Syrian opposition forces captured a member of the terrorist group PKK with the assistance of Türkiye’s National Intelligence Organization (MIT), security sources said on Wednesday.
The man, identified as Mehmet Kılıç, was attempting to infiltrate the region secured by Türkiye’s Operation Olive-Branch in northern Syria when he was captured by the Syrian National Army (SNA).
With MIT’s technical support, the SNA detected that the terrorist, codenamed "Rızgar Amed," was plotting an attack in the said area and captured him alive before he could commit it, sources said.
Kılıç was also a part of the terrorist group’s infiltration of a Turkish Armed Forces (TSK) command station in the eastern Şırnak province in 2019, sources added.
The YPG is the PKK terror group’s Syrian offshoot that has occupied large swathes of northern Syria near the Turkish border since 2015.
Kılıç first joined the PKK in May 2015 through a relative residing in the countryside of eastern Muş province. After completing his militant and ideological training, he committed terrorist acts for the PKK in Iraq's Metina and Gara regions.
In 2018, he joined the so-called armed struggle, before he was injured in a Turkish airstrike in 2019. By 2020, he was operating in the PKK’s Rojava wing.
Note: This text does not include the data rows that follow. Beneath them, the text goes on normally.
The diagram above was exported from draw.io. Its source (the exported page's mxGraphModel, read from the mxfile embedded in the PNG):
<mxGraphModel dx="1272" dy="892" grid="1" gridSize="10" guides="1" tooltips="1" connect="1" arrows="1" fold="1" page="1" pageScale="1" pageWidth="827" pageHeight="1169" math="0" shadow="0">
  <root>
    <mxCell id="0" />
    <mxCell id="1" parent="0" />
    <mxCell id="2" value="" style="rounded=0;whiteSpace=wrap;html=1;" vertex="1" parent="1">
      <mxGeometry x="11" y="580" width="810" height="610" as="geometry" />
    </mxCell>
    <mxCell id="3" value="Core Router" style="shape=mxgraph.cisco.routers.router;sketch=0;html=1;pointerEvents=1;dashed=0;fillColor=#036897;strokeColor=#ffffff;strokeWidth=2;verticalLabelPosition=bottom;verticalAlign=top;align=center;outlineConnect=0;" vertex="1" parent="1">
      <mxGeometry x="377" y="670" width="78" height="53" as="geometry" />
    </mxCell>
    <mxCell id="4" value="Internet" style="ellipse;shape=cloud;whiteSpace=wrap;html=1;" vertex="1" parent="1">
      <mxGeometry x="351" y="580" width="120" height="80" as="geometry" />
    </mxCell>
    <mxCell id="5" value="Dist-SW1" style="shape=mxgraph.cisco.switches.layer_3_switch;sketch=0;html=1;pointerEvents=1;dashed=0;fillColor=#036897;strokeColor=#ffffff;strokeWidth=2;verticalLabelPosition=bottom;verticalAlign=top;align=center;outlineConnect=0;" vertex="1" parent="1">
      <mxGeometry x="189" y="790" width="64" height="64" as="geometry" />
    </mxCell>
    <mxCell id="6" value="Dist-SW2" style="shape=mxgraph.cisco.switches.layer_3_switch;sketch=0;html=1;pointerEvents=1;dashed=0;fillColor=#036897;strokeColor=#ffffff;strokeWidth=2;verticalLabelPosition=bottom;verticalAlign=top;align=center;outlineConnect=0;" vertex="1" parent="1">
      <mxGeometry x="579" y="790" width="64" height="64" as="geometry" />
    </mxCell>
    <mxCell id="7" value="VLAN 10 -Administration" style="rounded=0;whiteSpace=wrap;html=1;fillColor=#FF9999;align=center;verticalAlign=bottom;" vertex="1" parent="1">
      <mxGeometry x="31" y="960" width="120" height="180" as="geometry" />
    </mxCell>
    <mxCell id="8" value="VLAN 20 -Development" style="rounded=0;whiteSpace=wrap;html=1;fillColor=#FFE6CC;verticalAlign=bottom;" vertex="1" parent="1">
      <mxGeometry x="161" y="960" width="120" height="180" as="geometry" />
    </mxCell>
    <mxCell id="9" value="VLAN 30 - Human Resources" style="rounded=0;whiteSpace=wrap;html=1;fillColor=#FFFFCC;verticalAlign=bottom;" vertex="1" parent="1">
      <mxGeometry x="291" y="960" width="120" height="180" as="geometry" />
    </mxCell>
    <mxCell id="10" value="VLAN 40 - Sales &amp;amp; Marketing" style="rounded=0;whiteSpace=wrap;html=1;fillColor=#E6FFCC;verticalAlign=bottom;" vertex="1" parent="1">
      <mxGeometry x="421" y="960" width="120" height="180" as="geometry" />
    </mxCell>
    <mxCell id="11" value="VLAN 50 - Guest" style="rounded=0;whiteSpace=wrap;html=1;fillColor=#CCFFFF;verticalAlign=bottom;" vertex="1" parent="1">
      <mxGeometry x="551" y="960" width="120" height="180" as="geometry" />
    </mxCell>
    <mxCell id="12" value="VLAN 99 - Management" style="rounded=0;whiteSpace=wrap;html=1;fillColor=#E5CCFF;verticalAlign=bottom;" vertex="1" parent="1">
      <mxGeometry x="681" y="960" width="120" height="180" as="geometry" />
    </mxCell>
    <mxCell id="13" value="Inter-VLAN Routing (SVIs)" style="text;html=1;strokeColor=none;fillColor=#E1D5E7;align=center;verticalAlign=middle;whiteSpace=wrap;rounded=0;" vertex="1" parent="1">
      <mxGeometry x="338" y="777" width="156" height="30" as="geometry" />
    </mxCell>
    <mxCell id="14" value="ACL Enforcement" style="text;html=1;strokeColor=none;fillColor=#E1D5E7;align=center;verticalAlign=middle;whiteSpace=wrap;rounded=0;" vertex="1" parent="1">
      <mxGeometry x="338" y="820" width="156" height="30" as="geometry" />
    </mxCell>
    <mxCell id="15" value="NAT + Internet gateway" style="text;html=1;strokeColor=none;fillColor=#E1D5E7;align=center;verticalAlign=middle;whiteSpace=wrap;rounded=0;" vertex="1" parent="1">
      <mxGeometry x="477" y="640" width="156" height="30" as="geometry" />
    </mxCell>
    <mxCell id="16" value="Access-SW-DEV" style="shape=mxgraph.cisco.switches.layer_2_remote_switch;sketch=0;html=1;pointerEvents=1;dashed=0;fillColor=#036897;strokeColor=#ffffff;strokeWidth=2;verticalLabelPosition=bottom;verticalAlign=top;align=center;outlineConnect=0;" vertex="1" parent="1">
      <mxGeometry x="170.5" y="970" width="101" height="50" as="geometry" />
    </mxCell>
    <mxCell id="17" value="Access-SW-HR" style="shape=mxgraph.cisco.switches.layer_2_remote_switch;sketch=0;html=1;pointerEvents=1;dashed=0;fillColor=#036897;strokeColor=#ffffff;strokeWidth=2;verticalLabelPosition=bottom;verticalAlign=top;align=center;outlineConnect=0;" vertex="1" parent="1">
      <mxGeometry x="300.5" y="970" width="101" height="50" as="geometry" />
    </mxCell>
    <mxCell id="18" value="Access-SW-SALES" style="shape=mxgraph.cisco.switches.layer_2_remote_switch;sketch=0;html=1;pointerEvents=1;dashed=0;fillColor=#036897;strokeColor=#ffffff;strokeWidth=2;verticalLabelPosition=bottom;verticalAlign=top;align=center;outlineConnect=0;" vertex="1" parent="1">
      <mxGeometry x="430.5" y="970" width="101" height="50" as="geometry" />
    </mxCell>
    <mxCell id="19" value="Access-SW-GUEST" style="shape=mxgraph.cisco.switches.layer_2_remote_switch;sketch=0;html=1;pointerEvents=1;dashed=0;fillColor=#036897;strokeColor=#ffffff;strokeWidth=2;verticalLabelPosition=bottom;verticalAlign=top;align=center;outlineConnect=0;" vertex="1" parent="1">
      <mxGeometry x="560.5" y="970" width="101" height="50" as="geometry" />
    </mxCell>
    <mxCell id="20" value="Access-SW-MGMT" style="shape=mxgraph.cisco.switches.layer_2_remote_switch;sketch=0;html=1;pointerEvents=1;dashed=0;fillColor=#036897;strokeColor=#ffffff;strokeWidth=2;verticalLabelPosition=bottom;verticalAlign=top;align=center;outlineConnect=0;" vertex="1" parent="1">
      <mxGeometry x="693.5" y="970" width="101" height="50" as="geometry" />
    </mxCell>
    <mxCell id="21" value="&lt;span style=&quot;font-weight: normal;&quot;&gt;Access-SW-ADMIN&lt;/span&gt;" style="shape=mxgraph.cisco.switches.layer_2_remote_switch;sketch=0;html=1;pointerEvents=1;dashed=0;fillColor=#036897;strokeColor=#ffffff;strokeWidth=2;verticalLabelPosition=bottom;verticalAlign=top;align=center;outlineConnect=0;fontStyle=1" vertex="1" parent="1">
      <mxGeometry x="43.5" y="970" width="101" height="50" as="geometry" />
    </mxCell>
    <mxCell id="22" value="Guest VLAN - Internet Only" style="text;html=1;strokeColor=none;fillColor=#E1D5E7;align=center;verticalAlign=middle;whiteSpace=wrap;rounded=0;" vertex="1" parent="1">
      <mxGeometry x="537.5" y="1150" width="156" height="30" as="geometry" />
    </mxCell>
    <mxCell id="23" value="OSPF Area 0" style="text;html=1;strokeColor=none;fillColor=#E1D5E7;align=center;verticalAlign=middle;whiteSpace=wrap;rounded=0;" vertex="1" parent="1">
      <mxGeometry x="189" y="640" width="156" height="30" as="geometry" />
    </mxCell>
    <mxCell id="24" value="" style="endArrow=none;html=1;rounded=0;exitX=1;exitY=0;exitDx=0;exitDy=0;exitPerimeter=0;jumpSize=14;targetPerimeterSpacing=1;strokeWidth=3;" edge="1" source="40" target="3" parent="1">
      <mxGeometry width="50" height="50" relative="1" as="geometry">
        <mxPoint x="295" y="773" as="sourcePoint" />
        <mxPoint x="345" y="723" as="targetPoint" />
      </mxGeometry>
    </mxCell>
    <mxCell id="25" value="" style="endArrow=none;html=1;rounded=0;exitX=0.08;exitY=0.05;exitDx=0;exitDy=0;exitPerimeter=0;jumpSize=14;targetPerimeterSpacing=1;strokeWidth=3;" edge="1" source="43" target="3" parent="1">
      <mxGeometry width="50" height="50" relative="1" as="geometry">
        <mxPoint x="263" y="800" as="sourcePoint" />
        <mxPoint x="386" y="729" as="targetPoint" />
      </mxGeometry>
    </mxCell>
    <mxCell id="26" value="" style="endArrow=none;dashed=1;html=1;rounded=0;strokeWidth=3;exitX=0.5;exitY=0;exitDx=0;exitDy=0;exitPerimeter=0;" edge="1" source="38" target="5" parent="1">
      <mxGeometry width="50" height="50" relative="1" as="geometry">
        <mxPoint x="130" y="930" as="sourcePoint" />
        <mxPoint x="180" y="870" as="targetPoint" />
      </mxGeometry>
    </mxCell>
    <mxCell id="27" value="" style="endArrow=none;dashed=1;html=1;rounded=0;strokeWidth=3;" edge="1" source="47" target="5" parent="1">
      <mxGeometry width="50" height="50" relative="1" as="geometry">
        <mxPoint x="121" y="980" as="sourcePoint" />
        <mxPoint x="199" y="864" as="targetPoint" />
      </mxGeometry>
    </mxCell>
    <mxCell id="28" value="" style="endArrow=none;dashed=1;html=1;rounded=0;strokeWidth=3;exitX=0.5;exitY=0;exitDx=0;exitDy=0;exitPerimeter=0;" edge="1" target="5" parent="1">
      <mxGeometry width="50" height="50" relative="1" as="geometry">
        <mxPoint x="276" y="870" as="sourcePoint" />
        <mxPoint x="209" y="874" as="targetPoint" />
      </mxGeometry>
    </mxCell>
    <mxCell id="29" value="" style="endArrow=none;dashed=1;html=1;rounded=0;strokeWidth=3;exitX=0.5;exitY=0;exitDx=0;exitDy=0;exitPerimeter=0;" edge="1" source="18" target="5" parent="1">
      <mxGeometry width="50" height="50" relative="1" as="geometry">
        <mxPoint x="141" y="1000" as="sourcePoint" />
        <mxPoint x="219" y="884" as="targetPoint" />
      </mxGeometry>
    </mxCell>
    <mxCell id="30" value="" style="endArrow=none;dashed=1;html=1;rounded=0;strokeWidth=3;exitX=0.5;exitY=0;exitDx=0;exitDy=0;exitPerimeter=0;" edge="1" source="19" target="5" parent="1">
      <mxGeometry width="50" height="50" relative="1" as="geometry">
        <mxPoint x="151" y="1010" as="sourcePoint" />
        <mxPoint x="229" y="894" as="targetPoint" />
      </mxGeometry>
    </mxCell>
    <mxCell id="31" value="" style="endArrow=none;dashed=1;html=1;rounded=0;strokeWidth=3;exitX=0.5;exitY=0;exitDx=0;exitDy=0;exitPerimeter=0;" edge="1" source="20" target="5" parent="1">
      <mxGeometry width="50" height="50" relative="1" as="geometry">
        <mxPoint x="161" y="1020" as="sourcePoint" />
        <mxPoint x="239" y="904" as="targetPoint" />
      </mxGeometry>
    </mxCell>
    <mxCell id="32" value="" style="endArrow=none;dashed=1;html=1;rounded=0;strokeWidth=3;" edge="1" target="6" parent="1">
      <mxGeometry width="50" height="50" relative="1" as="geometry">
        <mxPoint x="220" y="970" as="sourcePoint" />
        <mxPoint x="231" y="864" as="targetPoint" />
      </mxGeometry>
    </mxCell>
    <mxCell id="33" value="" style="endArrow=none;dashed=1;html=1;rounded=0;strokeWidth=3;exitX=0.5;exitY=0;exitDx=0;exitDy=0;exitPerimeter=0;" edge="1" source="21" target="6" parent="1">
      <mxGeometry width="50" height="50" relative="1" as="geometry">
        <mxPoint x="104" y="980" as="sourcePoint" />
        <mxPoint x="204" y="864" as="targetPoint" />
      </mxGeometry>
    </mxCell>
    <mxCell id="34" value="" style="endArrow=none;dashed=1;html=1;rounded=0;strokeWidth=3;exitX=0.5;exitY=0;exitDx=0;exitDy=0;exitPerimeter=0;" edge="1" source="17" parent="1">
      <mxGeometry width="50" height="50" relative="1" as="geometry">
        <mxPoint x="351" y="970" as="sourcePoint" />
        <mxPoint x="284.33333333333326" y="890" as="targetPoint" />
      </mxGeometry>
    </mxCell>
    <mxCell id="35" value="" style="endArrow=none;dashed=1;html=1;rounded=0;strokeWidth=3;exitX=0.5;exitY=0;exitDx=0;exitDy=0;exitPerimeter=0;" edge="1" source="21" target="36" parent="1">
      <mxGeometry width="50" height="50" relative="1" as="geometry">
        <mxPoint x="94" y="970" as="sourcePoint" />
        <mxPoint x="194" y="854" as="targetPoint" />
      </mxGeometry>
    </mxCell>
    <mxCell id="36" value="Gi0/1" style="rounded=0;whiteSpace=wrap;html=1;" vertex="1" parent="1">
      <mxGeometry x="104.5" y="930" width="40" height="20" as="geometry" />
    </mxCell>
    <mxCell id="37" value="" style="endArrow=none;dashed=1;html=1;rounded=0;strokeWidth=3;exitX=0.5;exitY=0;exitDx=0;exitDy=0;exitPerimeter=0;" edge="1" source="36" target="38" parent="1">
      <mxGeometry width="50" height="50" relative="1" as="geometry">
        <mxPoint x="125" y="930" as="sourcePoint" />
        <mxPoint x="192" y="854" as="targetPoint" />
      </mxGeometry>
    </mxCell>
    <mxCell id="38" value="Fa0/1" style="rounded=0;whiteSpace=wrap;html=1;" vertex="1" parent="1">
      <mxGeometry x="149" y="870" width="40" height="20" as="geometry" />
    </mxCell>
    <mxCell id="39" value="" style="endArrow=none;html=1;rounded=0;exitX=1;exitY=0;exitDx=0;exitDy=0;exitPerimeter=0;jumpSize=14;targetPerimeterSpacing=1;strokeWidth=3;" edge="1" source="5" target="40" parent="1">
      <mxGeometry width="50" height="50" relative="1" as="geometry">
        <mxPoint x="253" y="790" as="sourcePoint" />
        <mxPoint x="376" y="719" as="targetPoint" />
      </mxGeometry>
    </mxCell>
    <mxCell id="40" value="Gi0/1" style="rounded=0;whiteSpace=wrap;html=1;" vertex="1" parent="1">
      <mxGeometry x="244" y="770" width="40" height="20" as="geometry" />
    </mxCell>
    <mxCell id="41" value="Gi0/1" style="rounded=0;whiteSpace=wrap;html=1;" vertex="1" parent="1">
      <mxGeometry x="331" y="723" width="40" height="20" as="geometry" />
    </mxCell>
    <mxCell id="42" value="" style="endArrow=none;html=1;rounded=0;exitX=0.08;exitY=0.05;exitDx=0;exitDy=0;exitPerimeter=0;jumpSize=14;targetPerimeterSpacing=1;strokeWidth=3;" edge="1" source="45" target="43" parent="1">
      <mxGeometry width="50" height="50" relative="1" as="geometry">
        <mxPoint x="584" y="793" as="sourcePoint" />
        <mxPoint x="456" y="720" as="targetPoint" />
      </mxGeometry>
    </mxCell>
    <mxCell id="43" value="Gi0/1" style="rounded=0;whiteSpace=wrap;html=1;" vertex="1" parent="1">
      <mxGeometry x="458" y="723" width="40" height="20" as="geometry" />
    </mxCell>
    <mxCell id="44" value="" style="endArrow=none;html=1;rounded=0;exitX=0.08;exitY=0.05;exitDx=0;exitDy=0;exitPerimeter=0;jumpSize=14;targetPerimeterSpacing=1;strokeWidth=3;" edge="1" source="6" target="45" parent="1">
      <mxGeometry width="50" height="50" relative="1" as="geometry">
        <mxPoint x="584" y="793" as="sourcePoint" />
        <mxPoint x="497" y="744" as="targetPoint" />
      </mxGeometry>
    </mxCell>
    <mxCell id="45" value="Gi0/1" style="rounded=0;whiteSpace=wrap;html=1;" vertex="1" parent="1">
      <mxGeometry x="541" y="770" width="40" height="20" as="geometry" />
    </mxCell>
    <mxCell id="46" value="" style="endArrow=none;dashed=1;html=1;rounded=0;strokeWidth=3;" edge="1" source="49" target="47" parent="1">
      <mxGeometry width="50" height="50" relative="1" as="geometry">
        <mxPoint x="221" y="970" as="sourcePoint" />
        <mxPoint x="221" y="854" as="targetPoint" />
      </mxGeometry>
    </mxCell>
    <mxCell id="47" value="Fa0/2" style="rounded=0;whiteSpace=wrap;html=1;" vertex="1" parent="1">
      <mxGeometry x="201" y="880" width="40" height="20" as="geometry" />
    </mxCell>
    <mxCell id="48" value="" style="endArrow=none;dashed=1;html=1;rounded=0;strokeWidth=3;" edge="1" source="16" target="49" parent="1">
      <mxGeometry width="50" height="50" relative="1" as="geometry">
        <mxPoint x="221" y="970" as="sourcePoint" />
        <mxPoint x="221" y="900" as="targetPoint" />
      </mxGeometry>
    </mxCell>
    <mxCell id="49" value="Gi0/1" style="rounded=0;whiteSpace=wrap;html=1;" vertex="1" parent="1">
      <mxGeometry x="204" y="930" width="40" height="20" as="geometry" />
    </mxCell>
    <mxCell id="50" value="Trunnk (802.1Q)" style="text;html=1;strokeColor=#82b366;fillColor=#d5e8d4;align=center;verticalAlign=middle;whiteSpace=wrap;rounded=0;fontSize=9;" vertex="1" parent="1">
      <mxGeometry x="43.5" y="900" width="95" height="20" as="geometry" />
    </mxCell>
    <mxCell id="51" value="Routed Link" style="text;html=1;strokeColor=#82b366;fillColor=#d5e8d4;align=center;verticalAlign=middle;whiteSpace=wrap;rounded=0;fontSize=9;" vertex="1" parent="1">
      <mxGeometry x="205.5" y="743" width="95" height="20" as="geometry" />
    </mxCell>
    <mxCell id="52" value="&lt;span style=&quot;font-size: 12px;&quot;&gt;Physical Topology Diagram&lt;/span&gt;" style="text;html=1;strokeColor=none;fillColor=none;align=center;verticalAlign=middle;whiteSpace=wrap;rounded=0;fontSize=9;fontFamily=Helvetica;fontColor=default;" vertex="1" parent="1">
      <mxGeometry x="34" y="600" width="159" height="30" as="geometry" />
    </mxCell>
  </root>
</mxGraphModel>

He had been wanted for "being a member of an armed terrorist organization" by the Chief Public Prosecutor’s Office in Muş.
MIT has been quiet about its counterterrorism activities in the past but Türkiye’s top intelligence body is more open in publicizing its operations nowadays. This is largely due to the heightened success in the past two decades to find and eliminate terrorists, whether in Türkiye or abroad. Through the publicizing of operations, MIT also apparently hopes that the terrorist group would be daunted in its vicious campaign of violence for more than four decades that killed thousands.
Flanked by armed drones, MIT agents carried out 181 operations in 2023 and eliminated 201 terrorists. They also managed to destroy 45 energy facilities and parts of infrastructure the terrorist group built or operated, along with places used to store weapons and munitions by the PKK. Among the 38 terrorists eliminated by MIT were high-profile names.
The organization’s operations which eliminated terrorists who were behind attacks targeting Türkiye, as well as those who supplied weapons, recruits and cash to the terrorist group curbed PKK’s activities.
Precision operations are often carried out abroad, in Iraq’s north or Syria, two regions swarming with hideouts of the PKK. In Syria’s northeast, the PKK openly operates under the name of YPG, which claimed control of several towns under the guise of the fight against Daesh. Though it is recognized as a terrorist group elsewhere, including in the United States, the PKK also enjoys support from the U.S. in Syria thanks to this disguise.
Security sources say MIT is instrumental in contributing to Türkiye’s counterterrorism strategy focusing on "eliminating threats at its source," namely, beyond Türkiye’s borders.
The PKK’s leaders are believed to be hiding in Iraq’s mountainous north and unconfirmed reports say some occasionally cross into Syria through porous parts of the border between the two Middle Eastern countries.
Unlike in Iraq, the terrorist group is more "urbanized" in Syria where they even set up their own "administrations" under the name of SDF. MIT’s operations in Syria’s north destroyed critical facilities of the YPG, including an oil refinery where the group reaps the benefits of oil extracted in the region.